However, criticism of the effectiveness of carbon trading generally, and the CDM more specifically, abounds. After two years of operation the European Union Emissions Trading System failed to reduce emissions and resulted in windfall profits of up to $2 billion for private corporations that were given free credits for their pollution. Add to this the findings of a study commissioned by the World Wildlife Foundation that about 20% of projects that received funding from the CDM didn't deliver more emissions reductions than would have been generated without the extra money. You have to wonder whether carbon trading will actually help avoid climate catastrophe.

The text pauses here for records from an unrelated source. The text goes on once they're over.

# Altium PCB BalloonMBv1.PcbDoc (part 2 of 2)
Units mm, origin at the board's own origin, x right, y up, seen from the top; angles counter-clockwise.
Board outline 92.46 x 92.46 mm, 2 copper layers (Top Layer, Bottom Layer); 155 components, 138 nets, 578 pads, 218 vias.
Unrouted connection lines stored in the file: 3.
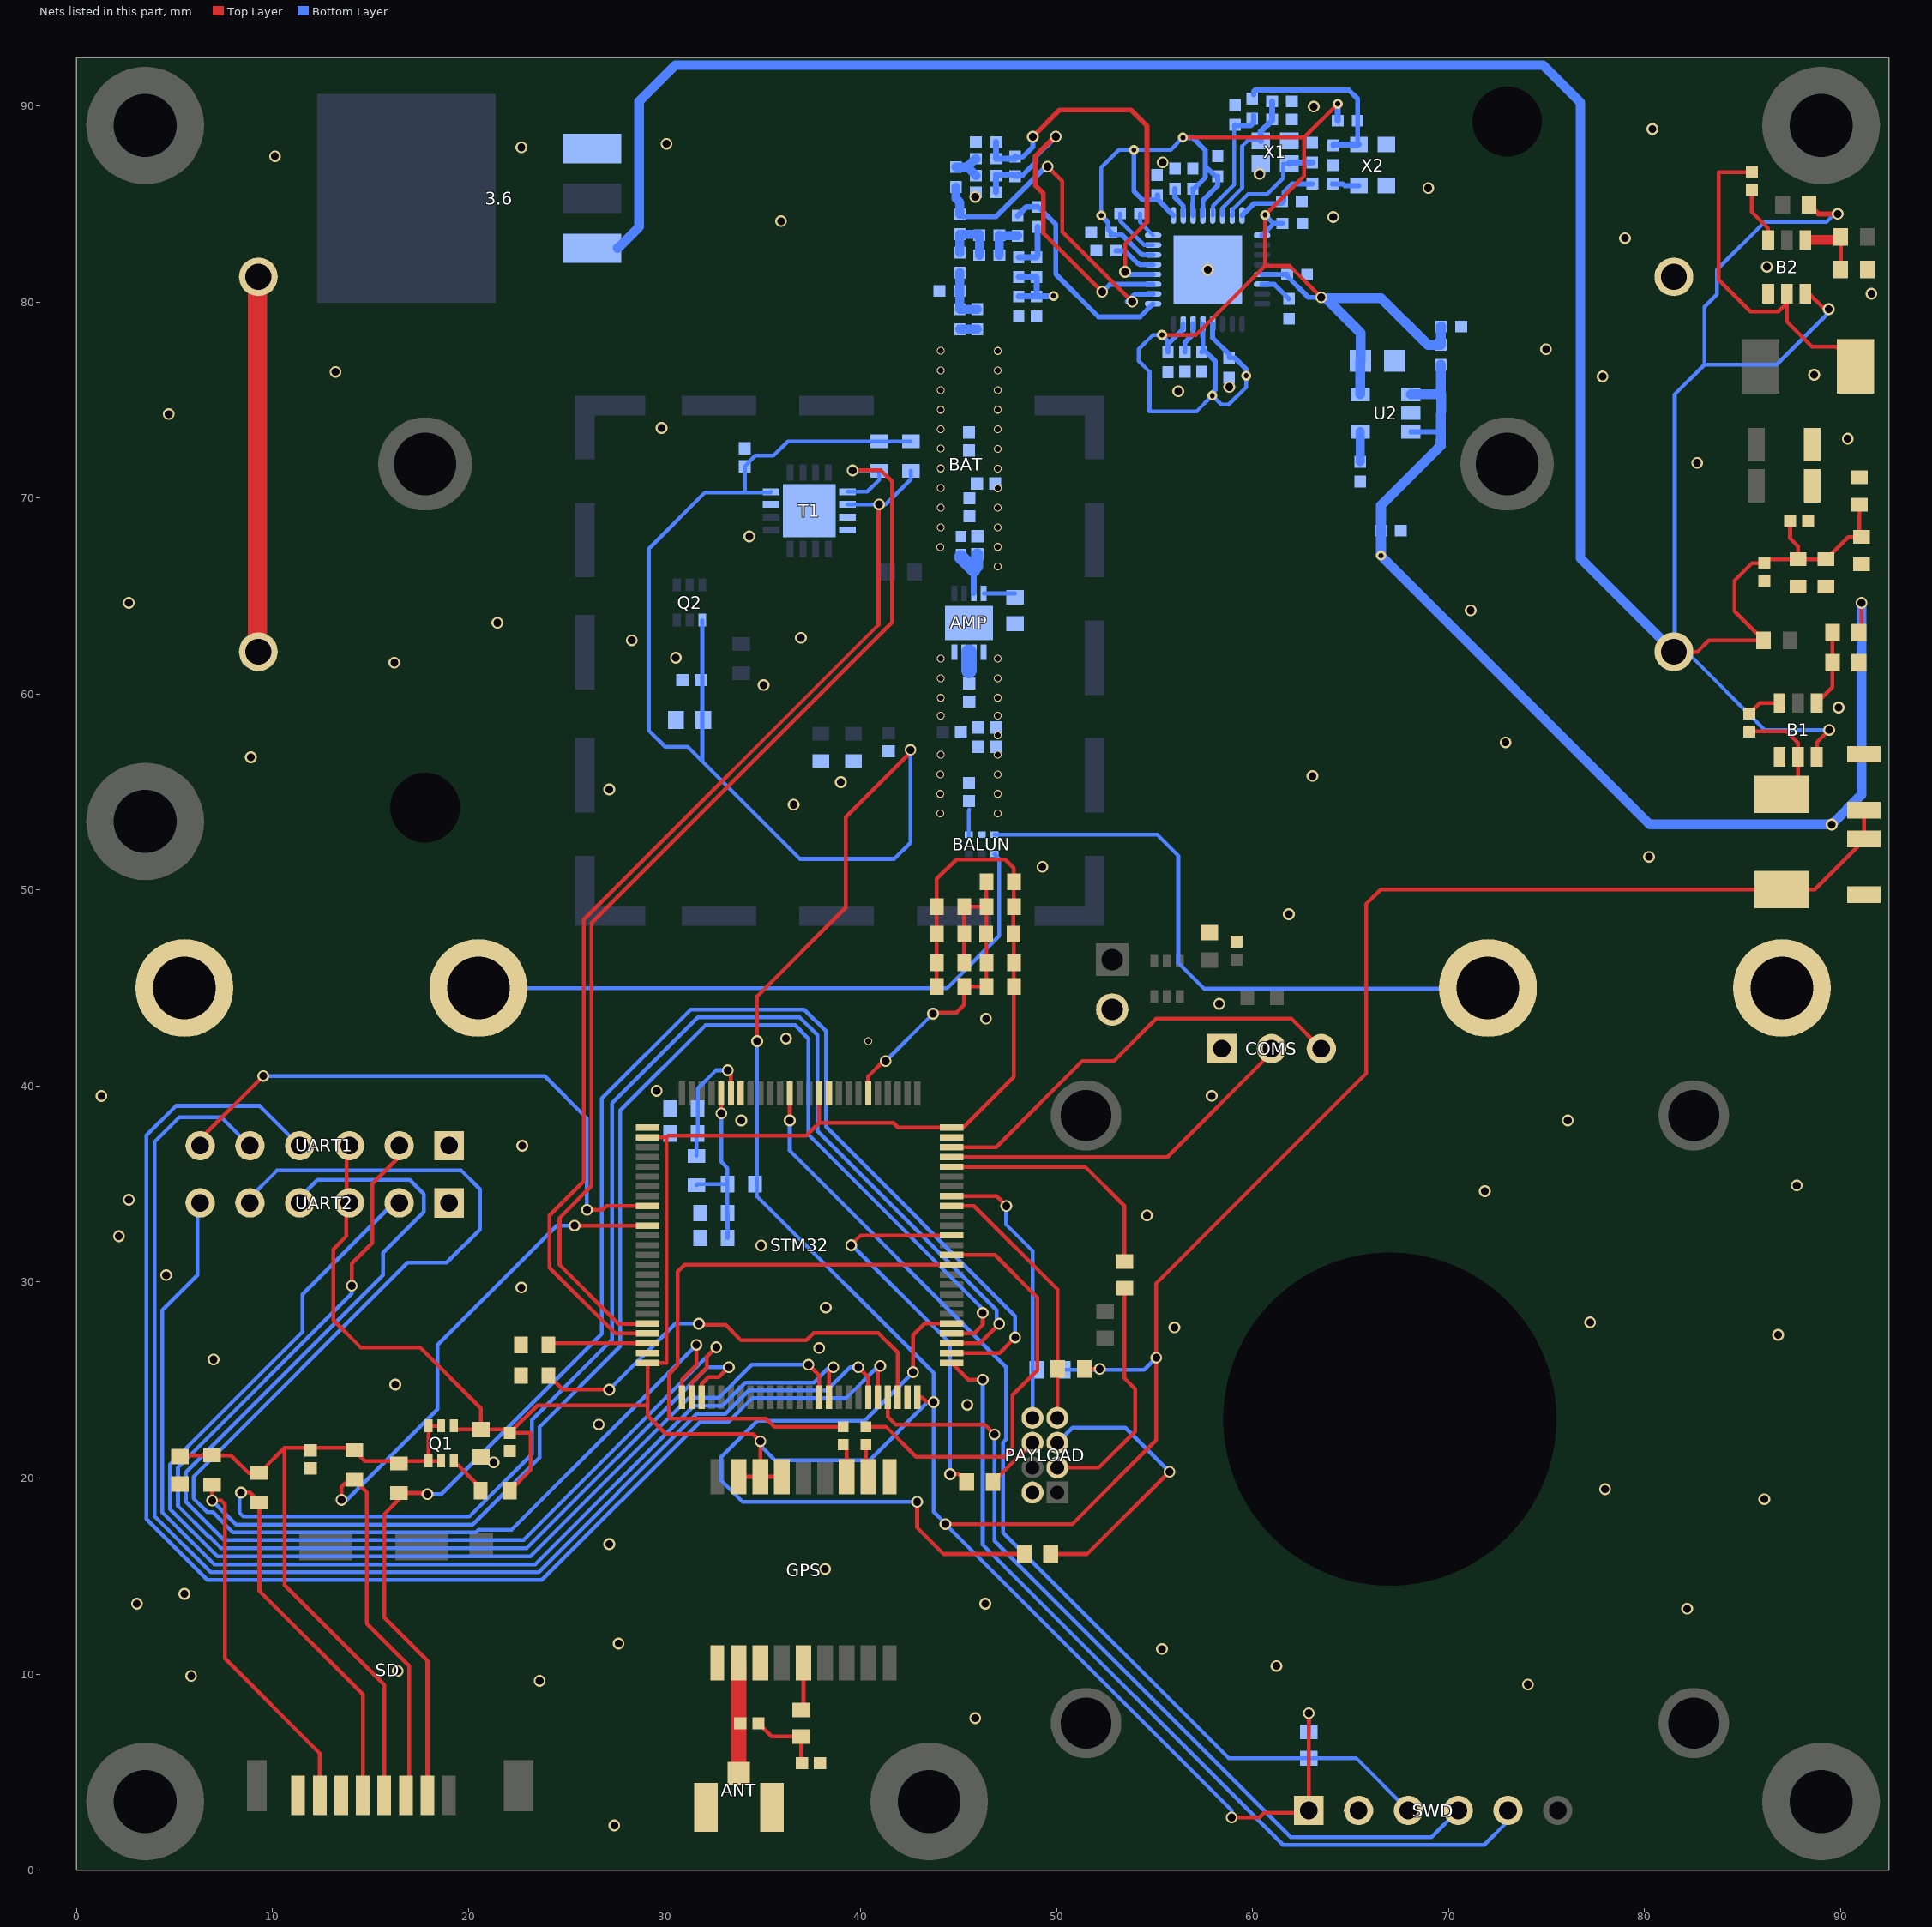
[diagram p2: the nets of this part, all layers, seen from the top]

## Via types
v1: diameter 0.6, hole 0.4, Top Layer to Bottom Layer, 157 vias
v2: diameter 0.4, hole 0.3, Top Layer to Bottom Layer, 44 vias
v3: diameter 0.508, hole 0.254, Top Layer to Bottom Layer, 17 vias

## Nets (pads, with @x,y where several pads share a name; then routed paths per layer and width w, separated by ;. In a path a pad name is that pad's centre, name@x,y a point inside that pad or via, vN(x,y) a via of type N, cw(c..) or ccw(c..) an arc to the next point about the centre after c; other vN are vias at no path point) (continued)
GND: 3.6.1 AMP.1 AMP.4 AMP.9 ANT.1 ANT.2 B1.1 B2.1 BALUN.2 BAT.4 C4.2 C5.2 C6.1 C7.2 C8.2 C10.2 C11.2 C11_1.1 C12.1 C12_1.2 C13.2 C14.2 C15.2 C16.1 C17.1 C18.1 C19.2@37.925,5.461 C20.2 C23.1 C24.1 C25.1 C27.1@37.973,56.577 C27.2@39.624,56.577 C28.1 C29.1 C39.2 C40.2 C41.2 C42.2 C43.2 C44.1 C45.1 C46.2 C47.2 C48.2 C51.1 C52.2 C53.2 C61.2 C121.1 C131.1 C151.1 C171.2 C172.2 C175.2 C201.2 C211.2 C221.2 C251.1 C261.1 C271.1 C281.1 C291.1 C301.1 C302.1 C311.1 C321.1 COMS.1 COMS_PWR.1 GPS.1 GPS.10 GPS.12 L192.1 pad.33 PAYLOAD.2 R2.2 R6.2 R12_1.1 R18.1 R141.2 SD.6 STM32.10 STM32.19 STM32.26 STM32.49 STM32.74 STM32.99 SWD.2 T1.3 T1.4 T1.11 T1.17 U2.2 UART1.1 UART2.1 X1.2 X1.4 X2.1 X2.2
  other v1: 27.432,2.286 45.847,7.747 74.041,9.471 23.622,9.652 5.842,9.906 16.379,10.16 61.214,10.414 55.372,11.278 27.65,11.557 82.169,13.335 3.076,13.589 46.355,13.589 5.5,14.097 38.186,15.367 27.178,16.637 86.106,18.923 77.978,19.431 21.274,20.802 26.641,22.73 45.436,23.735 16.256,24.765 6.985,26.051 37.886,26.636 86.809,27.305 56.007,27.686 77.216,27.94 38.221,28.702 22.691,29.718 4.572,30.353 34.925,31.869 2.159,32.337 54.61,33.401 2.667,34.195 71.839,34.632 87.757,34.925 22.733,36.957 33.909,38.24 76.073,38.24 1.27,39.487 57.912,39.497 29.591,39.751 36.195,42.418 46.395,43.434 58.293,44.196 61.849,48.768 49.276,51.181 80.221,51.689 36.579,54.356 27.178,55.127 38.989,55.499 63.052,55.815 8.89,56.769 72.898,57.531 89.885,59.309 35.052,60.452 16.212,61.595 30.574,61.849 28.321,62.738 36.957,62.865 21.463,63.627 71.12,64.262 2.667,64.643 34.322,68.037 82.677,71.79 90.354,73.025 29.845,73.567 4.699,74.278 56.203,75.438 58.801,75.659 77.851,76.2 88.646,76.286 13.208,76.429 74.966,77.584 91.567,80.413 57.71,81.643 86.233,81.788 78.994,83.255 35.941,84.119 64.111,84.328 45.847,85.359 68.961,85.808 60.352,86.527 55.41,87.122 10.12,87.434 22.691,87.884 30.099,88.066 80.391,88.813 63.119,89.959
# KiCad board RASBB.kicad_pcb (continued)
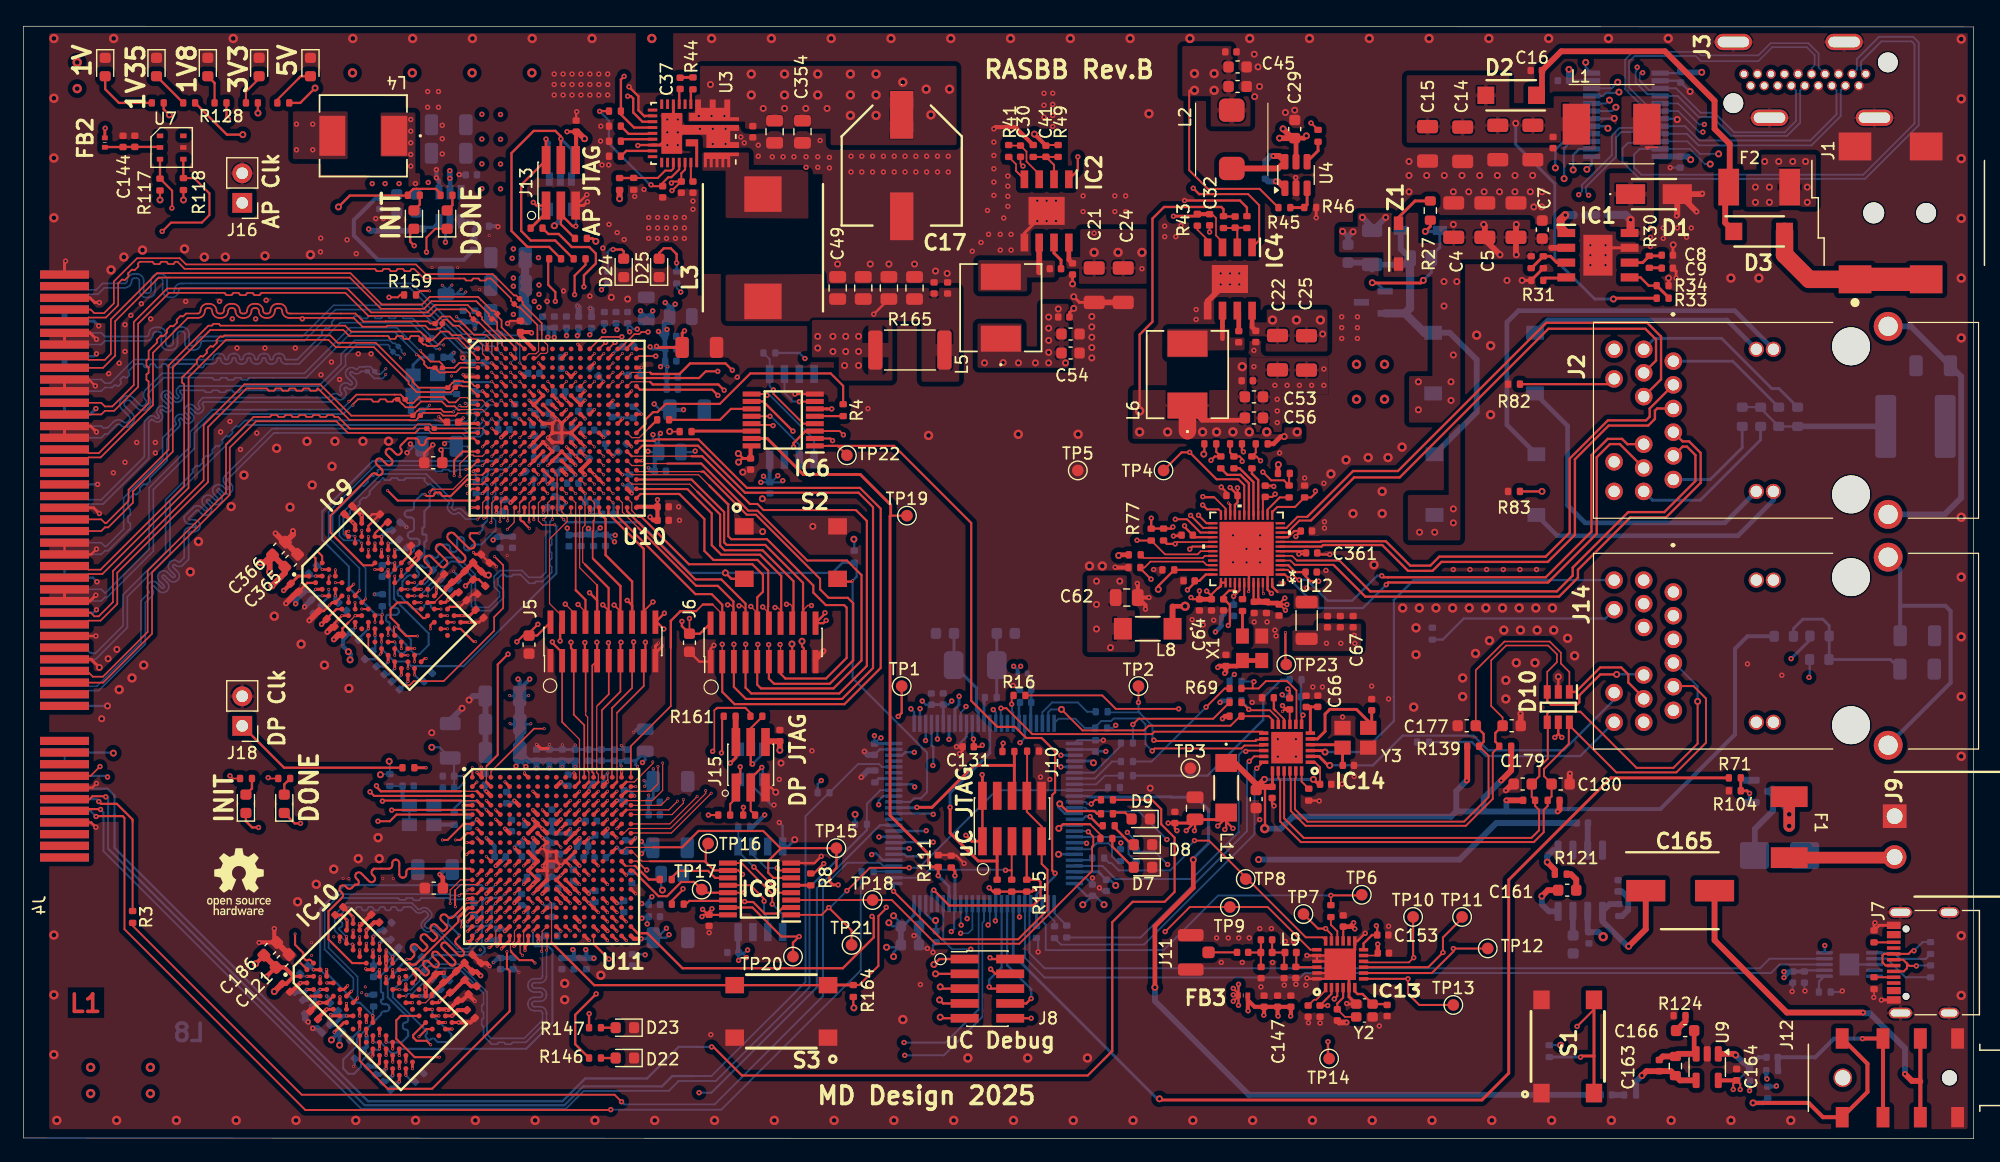
[diagram p0: board, top side]
## Routing (per net, layer and track width the routed paths; a pad name or vN(x,y) marks a point on that pad's centre or on a via; arc(x,y) is an arc through that point) (continued)
  Bottom w0.2: 39.82,55.93 39.82,53.63 39.77,53.58
/DDR3-01/DDR301_DQ0: length 25.7
  Top w0.177: 28.33,47.57 IC9.E3 ; U10.K5 v2(41.77,60.14)
  In3.Cu w0.1: 40.07,60.14 37.45,60.14 35.48,58.17 35.24,58.17
  In3.Cu w0.177: 40.07,60.14 40.46,60.53 41.38,60.53 v2(41.77,60.14) ; 35.24,58.17 34.32,58.17 33.66,57.51 arc(33.53,57.46) 33.39,57.51 arc(33.26,57.57) 33.13,57.51 32.97,57.36 arc(32.91,57.22) 32.97,57.09 33.24,56.82 arc(33.3,56.68) 33.24,56.55 33.09,56.4 arc(32.95,56.34) 32.82,56.4 32.55,56.67 arc(32.41,56.72) 32.28,56.67 32.12,56.5 arc(32.06,56.37) 32.12,56.23 arc(32.17,56.1) 32.12,55.96 30.26,54.11 30.26,52.82 28.39,50.95 28.39,50.11 arc(28.31,49.91) 28.12,49.83 arc(27.92,49.75) 27.84,49.56 27.84,49.51 arc(27.92,49.31) 28.12,49.23 arc(28.31,49.15) 28.39,48.96 28.39,48.91 arc(28.31,48.71) 28.12,48.63 arc(27.92,48.55) 27.84,48.36 27.84,48.31 arc(27.92,48.11) 28.12,48.03 arc(28.31,47.95) 28.39,47.76 28.39,47.63 v2(28.33,47.57)
/DDR3-01/DDR301_DQ1: length 25.7
  Top w0.177: IC9.F7 30.13,48.82 ; U10.L3 v2(40.17,59.34)
  In3.Cu w0.177: v2(40.17,59.34) 40.57,58.94 40.57,58.42 40.26,58.11 38.09,58.11 arc(37.91,58.18) 37.84,58.36 arc(37.77,58.53) 37.59,58.61 37.54,58.61 arc(37.36,58.53) 37.29,58.36 arc(37.22,58.18) 37.04,58.11 35.19,56.26 35.19,55.11 arc(35.11,54.92) 34.93,54.85 34.35,54.85 arc(34.17,54.77) 34.09,54.59 34.09,54.56 arc(34.17,54.37) 34.35,54.3 34.93,54.3 arc(35.11,54.22) 35.19,54.04 35.19,53.44 34.8,53.05 arc(34.72,52.86) 34.8,52.68 34.92,52.55 arc(35,52.37) 34.92,52.18 34.9,52.16 arc(34.71,52.09) 34.53,52.16 33.63,53.06 arc(33.45,53.14) 33.26,53.06 33.24,53.04 arc(33.16,52.86) 33.24,52.67 33.92,52 arc(33.96,51.91) 33.92,51.82 33.71,51.61 arc(33.62,51.57) 33.53,51.61 33.1,52.04 arc(32.91,52.11) 32.73,52.04 32.71,52.02 arc(32.63,51.83) 32.71,51.65 32.87,51.49 arc(32.95,51.3) 32.87,51.12 31.87,51.12 30.66,49.91 arc(30.59,49.88) 30.52,49.91 arc(30.45,49.94) 30.38,49.91 30.13,49.66 arc(30.1,49.59) 30.13,49.52 arc(30.16,49.45) 30.13,49.38 v2(30.13,48.82)
/DDR3-01/DDR301_DQ2: length 26
  Top w0.177: IC9.F2 27.89,46.52 ; v2(40.17,60.94) U10.K3
  In3.Cu w0.177: v2(27.88,46.53) 27.54,46.87 27.54,52.84 29.37,54.66 arc(29.49,54.72) 29.61,54.66 arc(29.74,54.61) 29.86,54.66 30.04,54.84 arc(30.09,54.97) 30.04,55.09 29.79,55.34 arc(29.74,55.46) 29.79,55.58 29.97,55.76 arc(30.09,55.81) 30.21,55.76 30.46,55.51 arc(30.58,55.46) 30.71,55.51 30.89,55.69 arc(30.94,55.81) 30.89,55.94 30.64,56.19 arc(30.59,56.31) 30.64,56.43 30.81,56.61 arc(30.94,56.66) 31.06,56.61 arc(31.19,56.56) 31.31,56.61 31.49,56.79 arc(31.54,56.91) 31.49,57.03 arc(31.44,57.16) 31.49,57.28 31.66,57.46 arc(31.79,57.51) 31.91,57.46 arc(32.03,57.41) 32.16,57.46 35.17,60.47 39.57,60.47 40.04,60.94 v2(40.17,60.94)
/DDR3-01/DDR301_DQ3: length 25.8
  Top w0.177: IC9.F8 v2(31.28,49.95) ; U10.L6 v2(42.57,59.34)
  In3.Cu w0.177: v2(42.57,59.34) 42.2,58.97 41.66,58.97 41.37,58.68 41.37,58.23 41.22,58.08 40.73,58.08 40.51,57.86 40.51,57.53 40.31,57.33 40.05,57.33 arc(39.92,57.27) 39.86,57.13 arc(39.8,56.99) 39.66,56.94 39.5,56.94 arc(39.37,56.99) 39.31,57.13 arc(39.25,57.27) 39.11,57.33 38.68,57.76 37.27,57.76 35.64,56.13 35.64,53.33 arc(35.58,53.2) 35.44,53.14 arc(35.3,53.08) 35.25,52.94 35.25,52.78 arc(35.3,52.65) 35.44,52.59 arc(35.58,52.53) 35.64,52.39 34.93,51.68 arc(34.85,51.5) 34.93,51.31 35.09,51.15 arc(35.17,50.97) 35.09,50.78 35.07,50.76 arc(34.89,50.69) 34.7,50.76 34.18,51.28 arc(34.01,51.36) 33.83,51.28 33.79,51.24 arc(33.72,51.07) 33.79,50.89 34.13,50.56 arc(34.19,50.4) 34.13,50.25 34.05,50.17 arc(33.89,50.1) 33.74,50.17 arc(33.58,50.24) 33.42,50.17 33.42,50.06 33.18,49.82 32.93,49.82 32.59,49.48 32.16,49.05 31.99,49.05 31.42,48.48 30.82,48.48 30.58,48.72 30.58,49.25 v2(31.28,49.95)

The definition of "clean" in the "mechanism" has also been called into question. Technologies like flaring gases that escape from landfills result in other forms of pollution while providing a financial incentive to keep toxic facilities open. Large hydropower projects are abundant in the CDM registry, but large impoundments not only release methane, they often lead to the displacement of whole communities, plunging families further into poverty. And institutions that are neck-deep in carbon trading like the World Bank are experimenting with new methodologies for supposedly "clean" coal and flaring methane from gas pipelines. In other words, some of the most polluting industries would then qualify for additional finance because they would be considered "clean."
Forcible Finance
Described in Bali's road map is an Adaptation Fund for developing countries that could reach $500 million by 2012, which would be administered by the Global Environment Facility (GEF) with the World Bank acting as financial trustee. One funding proposal suggests bolstering donations to the Fund from industrialized countries by recouping a 2% fee on revenues from CDM projects. Proponents of the Adaptation Fund claim that by using the Clean Development Mechanism, rich countries would be "forced" to finance clean energy projects in poorer countries. Because the United States, which releases 24% of the world's greenhouse gases, is not a party to the Kyoto Protocol, it cannot participate in the CDM and would once again get off the hook in compensating those who will live the harsh effects of global climate change.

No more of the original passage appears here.